Open nkqiaolin opened this issue 8 years ago • 1 comments

Nice implementation first!

when reading your code ConvDecoderFairseqBS, in each step(), beam_search will select new top K beams, but the inputs to next step is just replace this time step's padded zero with this top K words. The decode sequence from 0 to time-1 is kept as before.

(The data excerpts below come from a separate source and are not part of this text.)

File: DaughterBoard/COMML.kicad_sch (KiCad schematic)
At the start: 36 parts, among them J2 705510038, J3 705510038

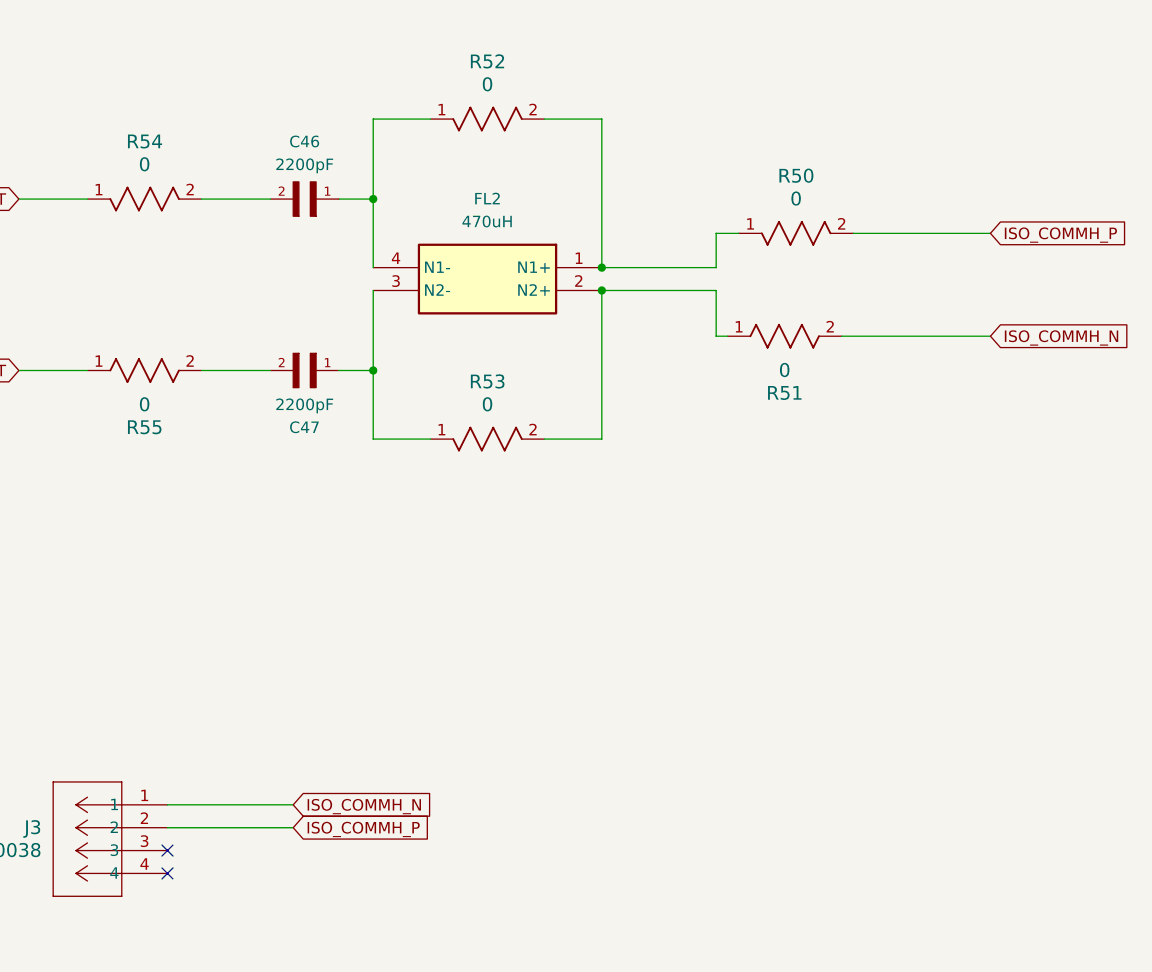
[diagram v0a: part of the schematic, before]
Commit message: Layout continued. Fixed Footprint and most 3d model
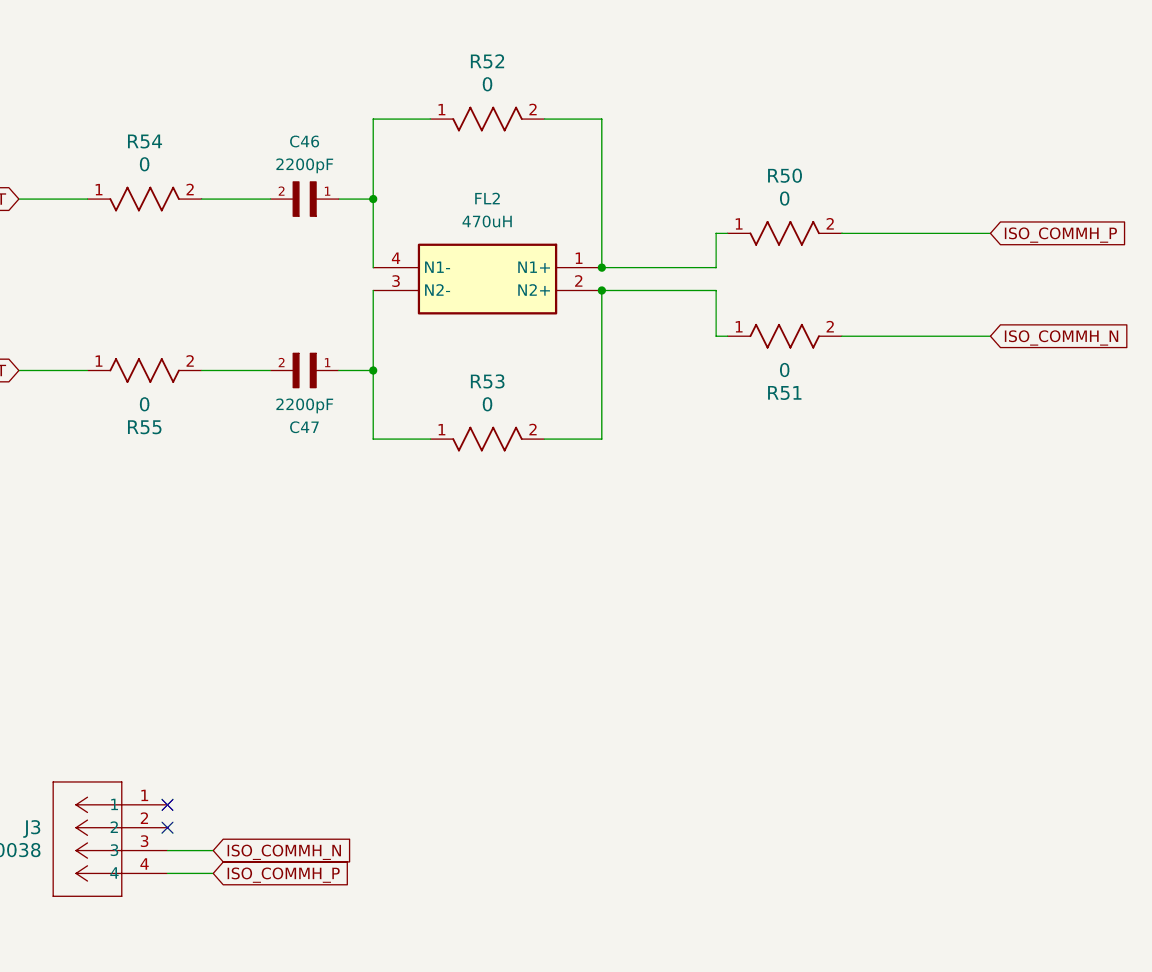
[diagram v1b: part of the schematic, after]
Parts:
- C40, C41: footprint CAP_CL10_SAM -> CL10B221JB8NNNC:CAP_CL10_SAM-L
- C43, C44, C46, C47: footprint 1206J2K00222KXR:CAPC3216X160N -> 1206J2K00222KXR (1):CAPC3216X160N
- FL1, FL2: footprint 744242471 -> KiCad:744242471
- J2, J3: footprint CONN_70551-xxxx_04_MOL -> 0705510038:CONN_70551-xxxx_04_MOL
- R34, R35: footprint RC0603N_VIS -> CRCW060351R0JNEA:RC0603N_VIS-L
- R36: footprint RC0603N_PAN -> ERJ-3EKF1001V:RC0603N_PAN-L
- R39, R40: footprint RC0603N_YAG -> RC0603JR-070RL:RC0603N_YAG-L
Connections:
- net ISO_COMMH_N: now also J3.3; no longer J3.1
- net ISO_COMMH_P: now also J3.4; no longer J3.2
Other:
- moved on the sheet: R50
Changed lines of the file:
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@@
 	)
 	(no_connect
-		(at 270.51 218.44)
+		(at 270.51 213.36)
 	)
 	(no_connect
-		(at 270.51 220.98)
+		(at 270.51 215.9)
 	)
 	(no_connect
@@
 	(wire
 		(pts
-			(xy 346.71 149.86) (xy 361.95 149.86)
+			(xy 345.44 149.86) (xy 361.95 149.86)
 		)
 		(stroke
@@
 	(wire
 		(pts
-			(xy 331.47 149.86) (xy 334.01 149.86)
+			(xy 331.47 149.86) (xy 332.74 149.86)
 		)
 		(stroke
@@
 	(wire
 		(pts
-			(xy 137.16 167.64) (xy 146.05 167.64)
+			(xy 270.51 220.98) (xy 275.59 220.98)
 		)
 		(stroke
@@
 	(wire
 		(pts
-			(xy 36.83 163.83) (xy 53.34 163.83)
+			(xy 137.16 167.64) (xy 146.05 167.64)
 		)
 		(stroke
@@
 	(wire
 		(pts
-			(xy 143.51 39.37) (xy 143.51 77.47)
+			(xy 36.83 163.83) (xy 53.34 163.83)
 		)
 		(stroke
@@
 	(wire
 		(pts
-			(xy 303.53 68.58) (xy 287.02 68.58)
+			(xy 143.51 39.37) (xy 143.51 77.47)
 		)
 		(stroke
@@
 	(wire
 		(pts
-			(xy 327.66 73.66) (xy 327.66 68.58)
+			(xy 303.53 68.58) (xy 287.02 68.58)
 		)
 		(stroke
@@
 	(wire
 		(pts
-			(xy 284.48 215.9) (xy 270.51 215.9)
+			(xy 327.66 73.66) (xy 327.66 68.58)
 		)
 		(stroke
@@
 	(wire
 		(pts
-			(xy 284.48 213.36) (xy 270.51 213.36)
+			(xy 80.01 139.7) (xy 86.36 139.7)
 		)
 		(stroke
@@
 	(wire
 		(pts
-			(xy 80.01 139.7) (xy 86.36 139.7)
+			(xy 322.58 39.37) (xy 322.58 73.66)
 		)
 		(stroke
@@
 	(wire
 		(pts
-			(xy 322.58 39.37) (xy 322.58 73.66)
+			(xy 270.51 218.44) (xy 275.59 218.44)
 		)
 		(stroke
@@
 	(global_label "ISO_COMMH_N"
 		(shape input)
-		(at 284.48 213.36 0)
+		(at 275.59 218.44 0)
 		(fields_autoplaced yes)
 		(effects
@@
 		)
 		(property "Intersheetrefs" "${INTERSHEET_REFS}"
-			(at 300.7095 213.36 0)
+			(at 291.8195 218.44 0)
 			(effects
 				(font
@@
 	(global_label "ISO_COMMH_P"
 		(shape input)
-		(at 284.48 215.9 0)
+		(at 275.59 220.98 0)
 		(fields_autoplaced yes)
 		(effects
@@
 		)
 		(property "Intersheetrefs" "${INTERSHEET_REFS}"
-			(at 300.649 215.9 0)
+			(at 291.759 220.98 0)
 			(effects
 				(font
@@
 			)
 		)
-		(property "Footprint" "RC0603N_VIS"
+		(property "Footprint" "CRCW060351R0JNEA:RC0603N_VIS-L"
 			(at 103.886 63.246 0)
 			(effects
@@
 			)
 		)
-		(property "Footprint" "1206J2K00222KXR:CAPC3216X160N"
+		(property "Footprint" "1206J2K00222KXR (1):CAPC3216X160N"
 			(at 111.76 167.64 0)
 			(effects
@@
 			)
 		)
-		(property "Footprint" "CONN_70551-xxxx_04_MOL"
+		(property "Footprint" "0705510038:CONN_70551-xxxx_04_MOL"
 			(at 270.51 213.36 0)
 			(effects
@@
 			)
 		)
-		(property "Footprint" "CONN_70551-xxxx_04_MOL"
+		(property "Footprint" "0705510038:CONN_70551-xxxx_04_MOL"
 			(at 138.43 219.71 0)
 			(effects
@@
 			)
 		)
-		(property "Footprint" "744242471"
+		(property "Footprint" "KiCad:744242471"
 			(at 101.6 251.13 0)
 			(effects
@@
 	(symbol
 		(lib_id "CRCW08050000Z0EAHP:CRCW08050000Z0EAHP")
-		(at 346.71 149.86 0)
+		(at 345.44 149.86 0)
 		(mirror y)
 		(unit 1)
@@
 		(fields_autoplaced yes)
 		(property "Reference" "R50"
-			(at 340.36 143.51 0)
+			(at 339.09 143.51 0)
 			(effects
 				(font
@@
 		)
 		(property "Value" "0"
-			(at 340.36 146.05 0)
+			(at 339.09 146.05 0)
 			(effects
 				(font
@@
 		)
 		(property "Footprint" "RES_CRCW_0805_VIS"
-			(at 346.71 157.226 0)
+			(at 345.44 157.226 0)
 			(effects
 				(font
@@
 		)
 		(property "Datasheet" "CRCW08050000Z0EAHP"
-			(at 346.71 157.226 0)
+			(at 345.44 157.226 0)
 			(effects
 				(font
@@
 		)
 		(property "Description" ""
-			(at 346.71 149.86 0)
+			(at 345.44 149.86 0)
 			(effects
 				(font
@@
 		)
 		(property "Manufacturer Part Number" "CRCW08050000Z0EAHP"
-			(at 346.71 149.86 0)
+			(at 345.44 149.86 0)
 			(effects
 				(font
@@
 			)
 		)
-		(property "Footprint" "1206J2K00222KXR:CAPC3216X160N"
+		(property "Footprint" "1206J2K00222KXR (1):CAPC3216X160N"
 			(at 287.02 146.05 0)
 			(effects
@@
 			)
 		)
-		(property "Footprint" "RC0603N_VIS"
+		(property "Footprint" "CRCW060351R0JNEA:RC0603N_VIS-L"
 			(at 100.838 28.956 0)
 			(effects
@@
 			)
 		)
-		(property "Footprint" "744242471"
+		(property "Footprint" "KiCad:744242471"
 			(at 297.18 248.59 0)
 			(effects
@@
 			)
 		)
-		(property "Footprint" "CAP_CL10_SAM"
+		(property "Footprint" "CL10B221JB8NNNC:CAP_CL10_SAM-L"
 			(at 139.954 85.598 0)
 			(effects
@@
 			)
 		)
-		(property "Footprint" "RC0603N_PAN"
+		(property "Footprint" "ERJ-3EKF1001V:RC0603N_PAN-L"
 			(at 153.162 46.228 0)
 			(effects
@@
 			)
 		)
-		(property "Footprint" "1206J2K00222KXR:CAPC3216X160N"
+		(property "Footprint" "1206J2K00222KXR (1):CAPC3216X160N"
 			(at 111.76 148.59 0)
 			(effects
@@
 			)
 		)
-		(property "Footprint" "1206J2K00222KXR:CAPC3216X160N"
+		(property "Footprint" "1206J2K00222KXR (1):CAPC3216X160N"
 			(at 287.02 165.1 0)
 			(effects
@@
 			)
 		)
-		(property "Footprint" "RC0603N_YAG"
+		(property "Footprint" "RC0603JR-070RL:RC0603N_YAG-L"
 			(at 344.17 41.91 0)
 			(effects
@@
 			)
 		)
-		(property "Footprint" "RC0603N_YAG"
+		(property "Footprint" "RC0603JR-070RL:RC0603N_YAG-L"
 			(at 346.964 57.404 0)
 			(effects
@@
 			)
 		)
-		(property "Footprint" "CAP_CL10_SAM"
+		(property "Footprint" "CL10B221JB8NNNC:CAP_CL10_SAM-L"
 			(at 139.192 83.82 0)
 			(effects

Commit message: tracing left
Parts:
- C42, C45: footprint CAP_CL10_SAM -> CL10B221JB8NNNC:CAP_CL10_SAM-L
- R34, R35: value 51 -> 51
- R37, R38: value 0 -> 0; footprint RC0603N_YAG -> RC0603JR-070RL:RC0603N_YAG-L
- R39, R40: value 0 -> 0
- R41, R42: value 51 -> 51; footprint RC0603N_VIS -> CRCW060351R0JNEA:RC0603N_VIS-L
- R43, R44, R45, R46, R47, R48, R50, R51, R52, R53, R54, R55: value 0 -> 0; footprint RES_CRCW_0805_VIS -> CRCW08050000Z0EAHP:RES_CRCW_0805_VIS-L
- R49: value 1K -> 1k; footprint RC0603N_PAN -> ERJ-3EKF1001V:RC0603N_PAN-L

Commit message: Connectors
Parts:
- removed J2, J3: 705510038, 0705510038:CONN_70551-xxxx_04_MOL, symbol 0705510038:705510038
- added J1, J5: 430450200, 0430450200:CON_430450200_MOL, symbol 0430450200:430450200
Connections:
- net ISO_COMMH_N: now also J5.2
- net ISO_COMMH_P: now also J5.1
- net ISO_COMML_N: now also J1.1
- net ISO_COMML_P: now also J1.2
- no-connect marks 4 -> 0
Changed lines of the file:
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@@
 		(color 0 0 0 0)
 	)
-	(no_connect
-		(at 138.43 227.33)
-	)
-	(no_connect
-		(at 270.51 213.36)
-	)
-	(no_connect
-		(at 270.51 215.9)
-	)
-	(no_connect
-		(at 138.43 224.79)
-	)
 	(wire
 		(pts
@@
 	(wire
 		(pts
-			(xy 124.46 222.25) (xy 138.43 222.25)
-		)
-		(stroke
-			(width 0)
-			(type default)
-		)
-	)
-	(wire
-		(pts
 			(xy 293.37 137.16) (xy 293.37 146.05)
 		)
@@
 	(wire
 		(pts
-			(xy 124.46 219.71) (xy 138.43 219.71)
-		)
-		(stroke
-			(width 0)
-			(type default)
-		)
-	)
-	(wire
-		(pts
 			(xy 109.22 167.64) (xy 105.41 167.64)
 		)
@@
 	(wire
 		(pts
-			(xy 270.51 220.98) (xy 275.59 220.98)
-		)
-		(stroke
-			(width 0)
-			(type default)
-		)
-	)
-	(wire
-		(pts
 			(xy 137.16 167.64) (xy 146.05 167.64)
 		)
@@
 	(wire
 		(pts
-			(xy 270.51 218.44) (xy 275.59 218.44)
-		)
-		(stroke
-			(width 0)
-			(type default)
-		)
-	)
-	(wire
-		(pts
 			(xy 116.84 148.59) (xy 124.46 148.59)
 		)
@@
 	(global_label "ISO_COMMH_N"
 		(shape input)
-		(at 275.59 218.44 0)
+		(at 270.51 234.95 0)
 		(fields_autoplaced yes)
 		(effects
@@
 		)
 		(property "Intersheetrefs" "${INTERSHEET_REFS}"
-			(at 291.8195 218.44 0)
+			(at 286.7395 234.95 0)
 			(effects
 				(font
@@
 	(global_label "ISO_COMML_N"
 		(shape input)
-		(at 124.46 219.71 180)
+		(at 138.43 234.95 180)
 		(fields_autoplaced yes)
 		(effects
@@
 		)
 		(property "Intersheetrefs" "${INTERSHEET_REFS}"
-			(at 108.5329 219.71 0)
+			(at 122.5029 234.95 0)
 			(effects
 				(font
@@
 	(global_label "ISO_COMML_P"
 		(shape input)
-		(at 124.46 222.25 180)
+		(at 138.43 237.49 180)
 		(fields_autoplaced yes)
 		(effects
@@
 		)
 		(property "Intersheetrefs" "${INTERSHEET_REFS}"
-			(at 108.5934 222.25 0)
+			(at 122.5634 237.49 0)
 			(effects
 				(font
@@
 	(global_label "ISO_COMMH_P"
 		(shape input)
-		(at 275.59 220.98 0)
+		(at 270.51 237.49 0)
 		(fields_autoplaced yes)
 		(effects
@@
 		)
 		(property "Intersheetrefs" "${INTERSHEET_REFS}"
-			(at 291.759 220.98 0)
+			(at 286.679 237.49 0)
 			(effects
 				(font
@@
 	)
 	(symbol
-		(lib_id "0705510038:705510038")
-		(at 270.51 213.36 0)
-		(mirror y)
-		(unit 1)
-		(exclude_from_sim no)
-		(in_bom yes)
-		(on_board yes)
-		(dnp no)
-		(fields_autoplaced yes)
-		(property "Reference" "J3"
-			(at 256.54 215.8999 0)
-			(effects
-				(font
-					(size 1.524 1.524)
-				)
-				(justify left)
-			)
-		)
-		(property "Value" "705510038"
-			(at 256.54 218.4399 0)
-			(effects
-				(font
-					(size 1.524 1.524)
-				)
-				(justify left)
-			)
-		)
-		(property "Footprint" "0705510038:CONN_70551-xxxx_04_MOL"
-			(at 270.51 213.36 0)
-			(effects
-				(font
-					(size 1.27 1.27)
-					(italic yes)
-				)
-				(hide yes)
-			)
-		)
-		(property "Datasheet" "https://tools.molex.com/pdm_docs/ps/PS-70400.pdf"
-			(at 270.51 213.36 0)
-			(effects
-				(font
-					(size 1.27 1.27)
-					(italic yes)
-				)
-				(hide yes)
-			)
-		)
-		(property "Description" ""
-			(at 270.51 213.36 0)
-			(effects
-				(font
-					(size 1.27 1.27)
-				)
-				(hide yes)
-			)
-		)
-		(property "Manufacturer Part Number" "0705510038"
-			(at 270.51 213.36 0)
-			(effects
-				(font
-					(size 1.27 1.27)
-				)
-				(hide yes)
-			)
-		)
-		(pin "4"
-		)
-		(pin "2"
-		)
-		(pin "1"
-		)
-		(pin "3"
-		)
-		(instances
-			(project "Project63_BMS_DaughterBoard"
-				(path "/325b096d-8e4c-4cdc-b4c5-634ea5e73c60/8d4a348c-1e09-4dff-8656-797547bf484e"
-					(reference "J3")
-					(unit 1)
-				)
-			)
-		)
-	)
-	(symbol
 		(lib_name "CRCW08050000Z0EAHP_1")
 		(lib_id "CRCW08050000Z0EAHP:CRCW08050000Z0EAHP")
@@
 	)
 	(symbol
-		(lib_id "0705510038:705510038")
-		(at 138.43 219.71 0)
-		(unit 1)
-		(exclude_from_sim no)
-		(in_bom yes)
-		(on_board yes)
-		(dnp no)
-		(fields_autoplaced yes)
-		(property "Reference" "J2"
-			(at 152.4 222.2499 0)
-			(effects
-				(font
-					(size 1.524 1.524)
-				)
-				(justify left)
-			)
-		)
-		(property "Value" "705510038"
-			(at 152.4 224.7899 0)
-			(effects
-				(font
-					(size 1.524 1.524)
-				)
-				(justify left)
-			)
-		)
-		(property "Footprint" "0705510038:CONN_70551-xxxx_04_MOL"
-			(at 138.43 219.71 0)
-			(effects
-				(font
-					(size 1.27 1.27)
-					(italic yes)
-				)
-				(hide yes)
-			)
-		)
-		(property "Datasheet" "https://tools.molex.com/pdm_docs/ps/PS-70400.pdf"
-			(at 138.43 219.71 0)
-			(effects
-				(font
-					(size 1.27 1.27)
-					(italic yes)
-				)
-				(hide yes)
-			)
-		)
-		(property "Description" ""
-			(at 138.43 219.71 0)
-			(effects
-				(font
-					(size 1.27 1.27)
-				)
-				(hide yes)
-			)
-		)
-		(property "Manufacturer Part Number" "0705510038"
-			(at 138.43 219.71 0)
-			(effects
-				(font
-					(size 1.27 1.27)
-				)
-				(hide yes)
-			)
-		)
-		(pin "4"
-		)
-		(pin "2"
-		)
-		(pin "1"
-		)
-		(pin "3"
-		)
-		(instances
-			(project "Project63_BMS_DaughterBoard"
-				(path "/325b096d-8e4c-4cdc-b4c5-634ea5e73c60/8d4a348c-1e09-4dff-8656-797547bf484e"
-					(reference "J2")
-					(unit 1)
-				)
-			)
-		)
-	)
-	(symbol
 		(lib_name "CRCW08050000Z0EAHP_1")
 		(lib_id "CRCW08050000Z0EAHP:CRCW08050000Z0EAHP")
@@
 	)
 	(symbol
+		(lib_id "0430450200:430450200")
+		(at 138.43 234.95 0)
+		(unit 1)
+		(exclude_from_sim no)
+		(in_bom yes)
+		(on_board yes)
+		(dnp no)
+		(fields_autoplaced yes)
+		(property "Reference" "J1"
+			(at 152.4 234.9499 0)
+			(effects
+				(font
+					(size 1.524 1.524)
+				)
+				(justify left)
+			)
+		)
+		(property "Value" "430450200"
+			(at 152.4 237.4899 0)
+			(effects
+				(font
+					(size 1.524 1.524)
+				)
+				(justify left)
+			)
+		)
+		(property "Footprint" "0430450200:CON_430450200_MOL"
+			(at 138.43 234.95 0)
+			(effects
+				(font
+					(size 1.27 1.27)
+					(italic yes)
+				)
+				(hide yes)
+			)
+		)
+		(property "Datasheet" "430450200"
+			(at 138.43 234.95 0)
+			(effects
+				(font
+					(size 1.27 1.27)
+					(italic yes)
+				)
+				(hide yes)
+			)
+		)
+		(property "Description" ""
+			(at 138.43 234.95 0)
+			(effects
+				(font
+					(size 1.27 1.27)
+				)
+				(hide yes)
+			)
+		)
+		(pin "2"
+		)
+		(pin "1"
+		)
+		(instances
+			(project "Project63_BMS_DaughterBoard"
+				(path "/325b096d-8e4c-4cdc-b4c5-634ea5e73c60/8d4a348c-1e09-4dff-8656-797547bf484e"
+					(reference "J1")
+					(unit 1)
+				)
+			)
+		)
+	)
+	(symbol
 		(lib_name "CRCW08050000Z0EAHP_1")
 		(lib_id "CRCW08050000Z0EAHP:CRCW08050000Z0EAHP")
@@
 					(unit 1)
 				)
+			)
+		)
+	)
+	(symbol
+		(lib_id "0430450200:430450200")
+		(at 270.51 237.49 180)
+		(unit 1)
+		(exclude_from_sim no)
+		(in_bom yes)
+		(on_board yes)
+		(dnp no)
+		(fields_autoplaced yes)
+		(property "Reference" "J5"
+			(at 261.62 227.33 0)
+			(effects
+				(font
+					(size 1.524 1.524)
+				)
+			)
+		)
+		(property "Value" "430450200"
+			(at 261.62 229.87 0)
+			(effects
+				(font
+					(size 1.524 1.524)
+				)
+			)
+		)
+		(property "Footprint" "0430450200:CON_430450200_MOL"
+			(at 270.51 237.49 0)
+			(effects
+				(font
+					(size 1.27 1.27)
+					(italic yes)
+				)
+				(hide yes)
+			)
+		)
+		(property "Datasheet" "430450200"
+			(at 270.51 237.49 0)
+			(effects
+				(font
+					(size 1.27 1.27)
+					(italic yes)
+				)
+				(hide yes)
+			)
+		)
+		(property "Description" ""
+			(at 270.51 237.49 0)
+			(effects
+				(font
+					(size 1.27 1.27)
+				)
+				(hide yes)
+			)
+		)
+		(pin "2"
+		)
+		(pin "1"
+		)
+		(instances
+			(project "Project63_BMS_DaughterBoard"
+				(path "/325b096d-8e4c-4cdc-b4c5-634ea5e73c60/8d4a348c-1e09-4dff-8656-797547bf484e"
+					(reference "J5")
+					(unit 1)
+				)

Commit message: done
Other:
- moved on the sheet: J5
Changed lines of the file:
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@@
 	(global_label "ISO_COMMH_N"
 		(shape input)
-		(at 270.51 234.95 0)
+		(at 257.81 238.76 180)
 		(fields_autoplaced yes)
 		(effects
@@
 				(size 1.27 1.27)
 			)
-			(justify left)
+			(justify right)
 		)
 		(property "Intersheetrefs" "${INTERSHEET_REFS}"
-			(at 286.7395 234.95 0)
+			(at 241.5805 238.76 0)
 			(effects
 				(font
 					(size 1.27 1.27)
 				)
-				(justify left)
+				(justify right)
 				(hide yes)
 			)
@@
 	(global_label "ISO_COMMH_P"
 		(shape input)
-		(at 270.51 237.49 0)
+		(at 257.81 236.22 180)
 		(fields_autoplaced yes)
 		(effects
@@
 				(size 1.27 1.27)
 			)
-			(justify left)
+			(justify right)
 		)
 		(property "Intersheetrefs" "${INTERSHEET_REFS}"
-			(at 286.679 237.49 0)
+			(at 241.641 236.22 0)
 			(effects
 				(font
 					(size 1.27 1.27)
 				)
-				(justify left)
+				(justify right)
 				(hide yes)
 			)
@@
 	(symbol
 		(lib_id "0430450200:430450200")
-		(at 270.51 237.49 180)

I'm confused here, since the new top K words may come from different beams with previous steps'. Is this by design or just a mistake plz? :)

Specific code is here:

cur_inputs = inputs[:,0:time+1,:] 
zeros_padding = inputs[:,time+2:,:] 
cur_inputs_pos = self.add_position_embedding(cur_inputs, time)

enc_output, beam_state = state 
logits = self.infer_conv_block(enc_output, cur_inputs_pos)
bs_output, beam_state = beam_search.beam_search_step(.....

finished, next_inputs = self.next_inputs(sample_ids=bs_output.predicted_ids)
next_inputs = tf.reshape(next_inputs, [self.config.beam_width, 1, inputs.get_shape().as_list()[-1]])
next_inputs = tf.concat([cur_inputs, next_inputs], axis=1) ## *** why not update cur_inputs to the new beams? **
next_inputs = tf.concat([next_inputs, zeros_padding], axis=1)

Oct 24 '17 11:10 nkqiaolin

I checked the fairseq-py, which will re-order the input for every beam search step:

def reorder_buffer(self, new_order):
    if self.input_buffer is not None:
        self.input_buffer = self.input_buffer.index_select(0, new_order)

Oct 24 '17 12:10 nkqiaolin